» Work instruction
Find every line below that contains the word "ezdxf" and copy it out.

» Data for analysis
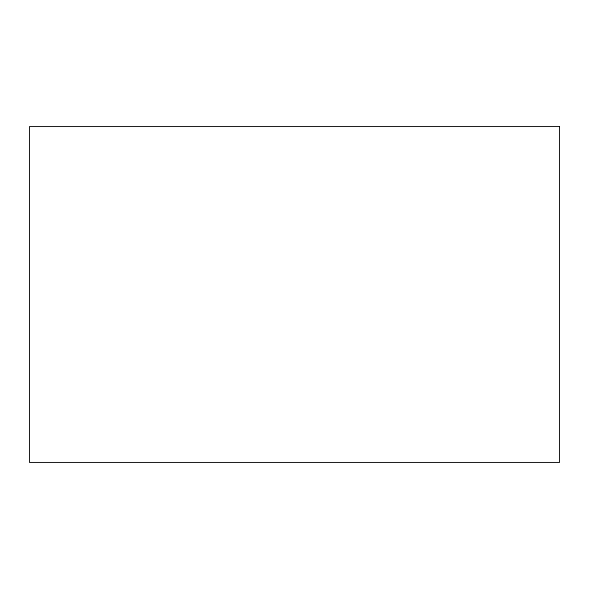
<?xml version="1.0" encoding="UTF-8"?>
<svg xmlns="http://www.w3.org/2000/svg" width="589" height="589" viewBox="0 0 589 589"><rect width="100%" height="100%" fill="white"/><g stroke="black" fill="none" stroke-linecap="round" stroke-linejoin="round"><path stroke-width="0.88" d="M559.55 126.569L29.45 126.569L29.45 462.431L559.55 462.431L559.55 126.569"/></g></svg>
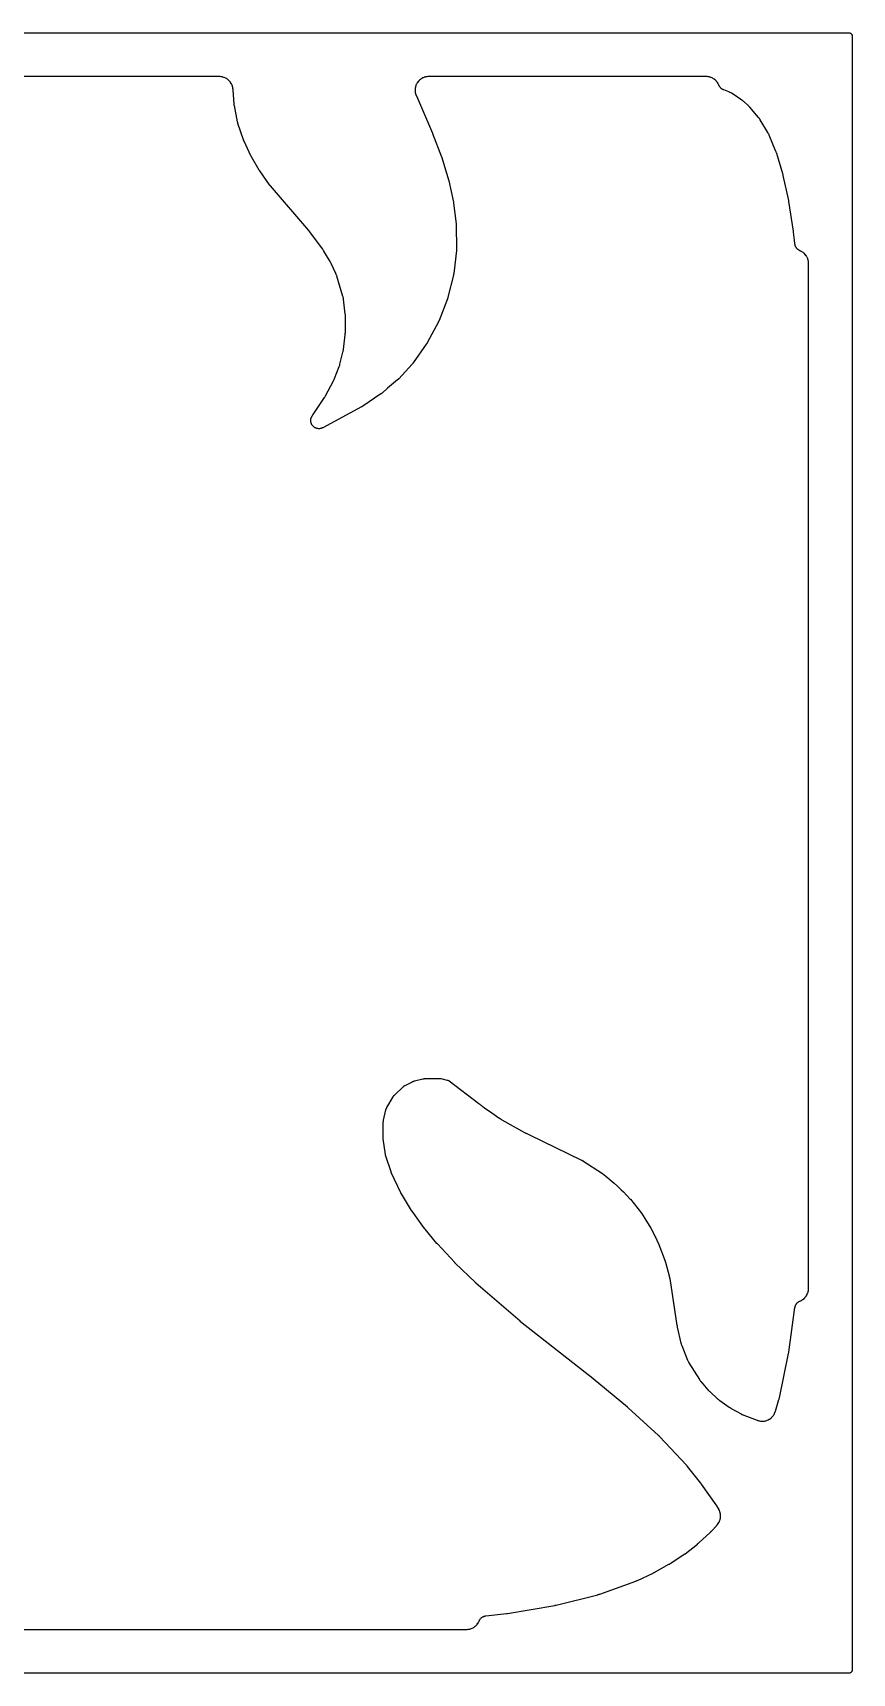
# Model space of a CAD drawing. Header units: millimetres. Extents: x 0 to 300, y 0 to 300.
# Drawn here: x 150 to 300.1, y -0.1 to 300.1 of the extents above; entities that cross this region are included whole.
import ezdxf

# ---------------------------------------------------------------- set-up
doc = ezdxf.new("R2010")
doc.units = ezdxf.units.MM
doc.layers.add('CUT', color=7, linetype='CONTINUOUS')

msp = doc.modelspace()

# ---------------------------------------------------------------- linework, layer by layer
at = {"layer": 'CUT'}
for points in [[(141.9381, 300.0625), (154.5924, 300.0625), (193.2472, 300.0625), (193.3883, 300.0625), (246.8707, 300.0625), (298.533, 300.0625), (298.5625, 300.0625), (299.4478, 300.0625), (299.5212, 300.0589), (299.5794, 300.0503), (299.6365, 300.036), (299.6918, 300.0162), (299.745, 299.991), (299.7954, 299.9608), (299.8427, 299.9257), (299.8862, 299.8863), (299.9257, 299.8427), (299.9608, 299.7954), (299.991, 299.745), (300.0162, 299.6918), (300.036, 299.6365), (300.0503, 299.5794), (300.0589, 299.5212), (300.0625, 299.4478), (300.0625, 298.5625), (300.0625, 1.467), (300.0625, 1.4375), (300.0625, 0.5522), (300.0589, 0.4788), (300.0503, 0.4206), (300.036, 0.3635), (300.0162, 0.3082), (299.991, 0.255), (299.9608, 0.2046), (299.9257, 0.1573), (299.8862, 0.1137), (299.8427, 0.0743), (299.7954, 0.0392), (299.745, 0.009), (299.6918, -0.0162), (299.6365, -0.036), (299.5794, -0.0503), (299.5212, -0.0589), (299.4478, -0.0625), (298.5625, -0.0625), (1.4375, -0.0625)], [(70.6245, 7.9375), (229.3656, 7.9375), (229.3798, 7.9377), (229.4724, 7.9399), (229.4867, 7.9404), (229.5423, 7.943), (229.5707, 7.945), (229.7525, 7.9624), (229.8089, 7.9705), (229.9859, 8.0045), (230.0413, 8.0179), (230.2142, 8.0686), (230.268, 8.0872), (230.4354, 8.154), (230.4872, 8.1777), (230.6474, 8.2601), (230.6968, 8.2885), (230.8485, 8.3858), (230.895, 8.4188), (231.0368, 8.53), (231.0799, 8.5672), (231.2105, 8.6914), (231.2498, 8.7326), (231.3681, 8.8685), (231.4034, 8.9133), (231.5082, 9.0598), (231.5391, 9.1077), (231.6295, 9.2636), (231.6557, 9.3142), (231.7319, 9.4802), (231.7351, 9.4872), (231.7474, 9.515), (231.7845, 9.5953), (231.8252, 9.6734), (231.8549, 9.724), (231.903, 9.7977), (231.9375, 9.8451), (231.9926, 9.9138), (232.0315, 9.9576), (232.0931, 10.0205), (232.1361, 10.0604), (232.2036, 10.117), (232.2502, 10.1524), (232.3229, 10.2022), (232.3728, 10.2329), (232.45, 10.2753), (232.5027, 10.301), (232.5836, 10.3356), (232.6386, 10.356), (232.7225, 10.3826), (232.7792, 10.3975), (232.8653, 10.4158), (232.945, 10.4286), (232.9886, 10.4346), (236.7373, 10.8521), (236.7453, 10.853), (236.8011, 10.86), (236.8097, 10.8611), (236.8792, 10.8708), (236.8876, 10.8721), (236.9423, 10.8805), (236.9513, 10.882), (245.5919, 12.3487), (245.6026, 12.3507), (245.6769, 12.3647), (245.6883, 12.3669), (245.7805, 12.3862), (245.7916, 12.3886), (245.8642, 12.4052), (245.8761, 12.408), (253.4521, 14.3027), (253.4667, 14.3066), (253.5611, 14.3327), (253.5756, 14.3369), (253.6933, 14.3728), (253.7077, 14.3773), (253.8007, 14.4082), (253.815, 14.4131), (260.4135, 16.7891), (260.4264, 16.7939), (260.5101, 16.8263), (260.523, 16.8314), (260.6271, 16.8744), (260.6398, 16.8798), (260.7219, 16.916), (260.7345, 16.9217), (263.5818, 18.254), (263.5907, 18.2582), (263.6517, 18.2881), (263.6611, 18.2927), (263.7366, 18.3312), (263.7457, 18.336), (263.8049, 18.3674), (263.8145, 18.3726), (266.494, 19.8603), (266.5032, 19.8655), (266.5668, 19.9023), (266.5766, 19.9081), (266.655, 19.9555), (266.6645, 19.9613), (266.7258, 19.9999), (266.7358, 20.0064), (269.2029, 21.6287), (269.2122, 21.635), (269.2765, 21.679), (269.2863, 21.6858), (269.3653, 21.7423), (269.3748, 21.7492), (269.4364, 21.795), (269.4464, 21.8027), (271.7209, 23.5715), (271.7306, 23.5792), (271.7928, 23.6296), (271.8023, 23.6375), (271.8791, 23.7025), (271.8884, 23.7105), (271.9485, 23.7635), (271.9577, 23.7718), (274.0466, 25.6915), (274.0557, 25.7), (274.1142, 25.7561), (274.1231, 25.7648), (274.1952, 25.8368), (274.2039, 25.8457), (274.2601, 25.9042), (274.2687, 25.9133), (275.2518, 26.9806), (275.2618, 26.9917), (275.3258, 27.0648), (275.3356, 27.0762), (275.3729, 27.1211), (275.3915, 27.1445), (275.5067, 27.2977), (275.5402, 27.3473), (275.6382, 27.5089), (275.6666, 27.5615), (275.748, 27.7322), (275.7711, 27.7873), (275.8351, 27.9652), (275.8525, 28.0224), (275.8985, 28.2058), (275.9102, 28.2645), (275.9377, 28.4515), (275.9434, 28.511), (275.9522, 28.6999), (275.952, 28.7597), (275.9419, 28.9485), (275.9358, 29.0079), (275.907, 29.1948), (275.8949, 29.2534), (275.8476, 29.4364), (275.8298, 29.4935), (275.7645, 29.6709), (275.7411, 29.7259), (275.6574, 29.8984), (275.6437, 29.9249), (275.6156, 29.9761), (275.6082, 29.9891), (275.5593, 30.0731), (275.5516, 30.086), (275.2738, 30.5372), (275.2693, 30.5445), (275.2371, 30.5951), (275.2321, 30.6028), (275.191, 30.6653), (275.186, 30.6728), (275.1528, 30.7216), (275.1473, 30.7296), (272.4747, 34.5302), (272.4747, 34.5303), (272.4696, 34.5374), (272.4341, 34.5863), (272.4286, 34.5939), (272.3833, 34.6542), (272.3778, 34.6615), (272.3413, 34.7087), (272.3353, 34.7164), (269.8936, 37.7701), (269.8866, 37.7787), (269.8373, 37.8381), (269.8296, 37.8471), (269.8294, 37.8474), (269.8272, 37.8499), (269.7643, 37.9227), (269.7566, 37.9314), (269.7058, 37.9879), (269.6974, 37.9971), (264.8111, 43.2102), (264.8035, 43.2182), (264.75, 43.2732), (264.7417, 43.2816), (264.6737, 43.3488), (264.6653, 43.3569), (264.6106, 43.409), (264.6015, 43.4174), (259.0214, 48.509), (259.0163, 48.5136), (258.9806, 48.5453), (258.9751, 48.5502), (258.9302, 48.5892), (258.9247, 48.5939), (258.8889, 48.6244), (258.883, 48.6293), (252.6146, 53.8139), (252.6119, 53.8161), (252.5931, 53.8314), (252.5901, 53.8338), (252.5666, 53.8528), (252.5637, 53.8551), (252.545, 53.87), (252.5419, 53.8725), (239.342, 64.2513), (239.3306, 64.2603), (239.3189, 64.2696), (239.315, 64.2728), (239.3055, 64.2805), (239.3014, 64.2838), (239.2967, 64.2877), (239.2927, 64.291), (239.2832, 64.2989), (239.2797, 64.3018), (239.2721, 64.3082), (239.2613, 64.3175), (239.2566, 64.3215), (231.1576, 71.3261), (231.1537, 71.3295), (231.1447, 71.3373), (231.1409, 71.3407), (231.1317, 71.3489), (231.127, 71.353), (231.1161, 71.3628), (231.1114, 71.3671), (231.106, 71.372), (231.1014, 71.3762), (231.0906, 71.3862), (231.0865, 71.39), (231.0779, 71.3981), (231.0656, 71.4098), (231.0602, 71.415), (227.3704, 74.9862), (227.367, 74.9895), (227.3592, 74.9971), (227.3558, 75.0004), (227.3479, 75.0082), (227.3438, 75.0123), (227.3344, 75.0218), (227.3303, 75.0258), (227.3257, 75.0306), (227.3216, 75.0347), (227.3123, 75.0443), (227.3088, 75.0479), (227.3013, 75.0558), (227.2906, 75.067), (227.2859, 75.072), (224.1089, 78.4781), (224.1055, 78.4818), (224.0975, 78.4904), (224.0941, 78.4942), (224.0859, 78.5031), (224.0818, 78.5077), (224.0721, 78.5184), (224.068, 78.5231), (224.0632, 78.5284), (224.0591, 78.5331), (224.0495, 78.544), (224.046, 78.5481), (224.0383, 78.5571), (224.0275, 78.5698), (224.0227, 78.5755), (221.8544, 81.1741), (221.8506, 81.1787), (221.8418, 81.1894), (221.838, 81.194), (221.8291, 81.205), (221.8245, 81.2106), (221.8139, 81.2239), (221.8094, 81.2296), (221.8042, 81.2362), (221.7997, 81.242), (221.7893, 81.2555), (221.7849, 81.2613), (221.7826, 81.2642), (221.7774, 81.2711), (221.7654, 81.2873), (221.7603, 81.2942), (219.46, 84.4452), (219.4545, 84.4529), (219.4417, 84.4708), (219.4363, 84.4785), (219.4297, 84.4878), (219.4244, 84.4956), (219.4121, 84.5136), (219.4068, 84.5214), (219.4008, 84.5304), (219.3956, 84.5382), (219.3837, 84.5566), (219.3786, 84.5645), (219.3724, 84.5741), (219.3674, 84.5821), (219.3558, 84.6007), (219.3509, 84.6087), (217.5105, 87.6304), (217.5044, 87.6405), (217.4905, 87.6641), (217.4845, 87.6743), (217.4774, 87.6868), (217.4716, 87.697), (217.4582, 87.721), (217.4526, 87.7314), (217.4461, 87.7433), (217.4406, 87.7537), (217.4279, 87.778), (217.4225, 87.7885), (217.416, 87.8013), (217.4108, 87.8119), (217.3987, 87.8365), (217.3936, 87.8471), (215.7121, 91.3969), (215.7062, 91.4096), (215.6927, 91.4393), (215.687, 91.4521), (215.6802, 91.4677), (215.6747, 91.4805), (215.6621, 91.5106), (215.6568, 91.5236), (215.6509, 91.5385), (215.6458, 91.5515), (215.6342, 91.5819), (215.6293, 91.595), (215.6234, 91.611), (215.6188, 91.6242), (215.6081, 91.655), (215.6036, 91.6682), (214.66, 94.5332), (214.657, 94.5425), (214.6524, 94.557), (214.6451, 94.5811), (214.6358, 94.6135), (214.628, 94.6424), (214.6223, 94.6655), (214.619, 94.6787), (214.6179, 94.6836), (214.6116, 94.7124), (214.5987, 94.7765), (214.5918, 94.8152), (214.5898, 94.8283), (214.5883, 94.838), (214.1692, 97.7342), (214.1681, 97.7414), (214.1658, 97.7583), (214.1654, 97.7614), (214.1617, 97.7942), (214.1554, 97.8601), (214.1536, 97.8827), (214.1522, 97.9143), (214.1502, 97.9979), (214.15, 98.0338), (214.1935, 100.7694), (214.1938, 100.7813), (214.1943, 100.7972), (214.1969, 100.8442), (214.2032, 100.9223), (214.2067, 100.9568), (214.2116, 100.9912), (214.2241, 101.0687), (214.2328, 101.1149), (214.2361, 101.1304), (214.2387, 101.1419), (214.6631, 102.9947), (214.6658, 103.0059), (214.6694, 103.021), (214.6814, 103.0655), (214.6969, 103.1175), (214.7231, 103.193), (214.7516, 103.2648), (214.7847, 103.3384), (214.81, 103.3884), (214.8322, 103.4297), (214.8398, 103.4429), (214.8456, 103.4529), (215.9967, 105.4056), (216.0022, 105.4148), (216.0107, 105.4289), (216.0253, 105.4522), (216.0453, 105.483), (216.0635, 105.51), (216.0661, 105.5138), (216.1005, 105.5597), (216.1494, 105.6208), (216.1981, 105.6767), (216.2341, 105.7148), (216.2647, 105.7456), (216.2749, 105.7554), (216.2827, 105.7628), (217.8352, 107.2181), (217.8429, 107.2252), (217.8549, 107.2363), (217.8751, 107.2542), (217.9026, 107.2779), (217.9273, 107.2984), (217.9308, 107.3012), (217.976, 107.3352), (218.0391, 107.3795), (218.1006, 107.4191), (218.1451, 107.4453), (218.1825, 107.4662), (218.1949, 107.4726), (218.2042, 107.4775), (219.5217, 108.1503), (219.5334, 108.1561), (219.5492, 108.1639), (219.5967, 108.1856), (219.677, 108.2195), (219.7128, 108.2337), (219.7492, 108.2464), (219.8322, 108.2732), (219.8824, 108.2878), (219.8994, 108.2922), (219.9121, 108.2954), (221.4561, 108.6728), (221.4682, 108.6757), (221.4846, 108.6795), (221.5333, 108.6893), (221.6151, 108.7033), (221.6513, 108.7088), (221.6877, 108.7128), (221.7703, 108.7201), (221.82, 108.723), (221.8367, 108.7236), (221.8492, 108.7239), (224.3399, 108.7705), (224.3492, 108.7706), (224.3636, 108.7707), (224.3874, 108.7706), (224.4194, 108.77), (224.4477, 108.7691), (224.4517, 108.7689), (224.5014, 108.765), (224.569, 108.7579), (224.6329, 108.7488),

» Task solution
import ezdxf
doc = ezdxf.new("R2010")
doc.units = ezdxf.units.MM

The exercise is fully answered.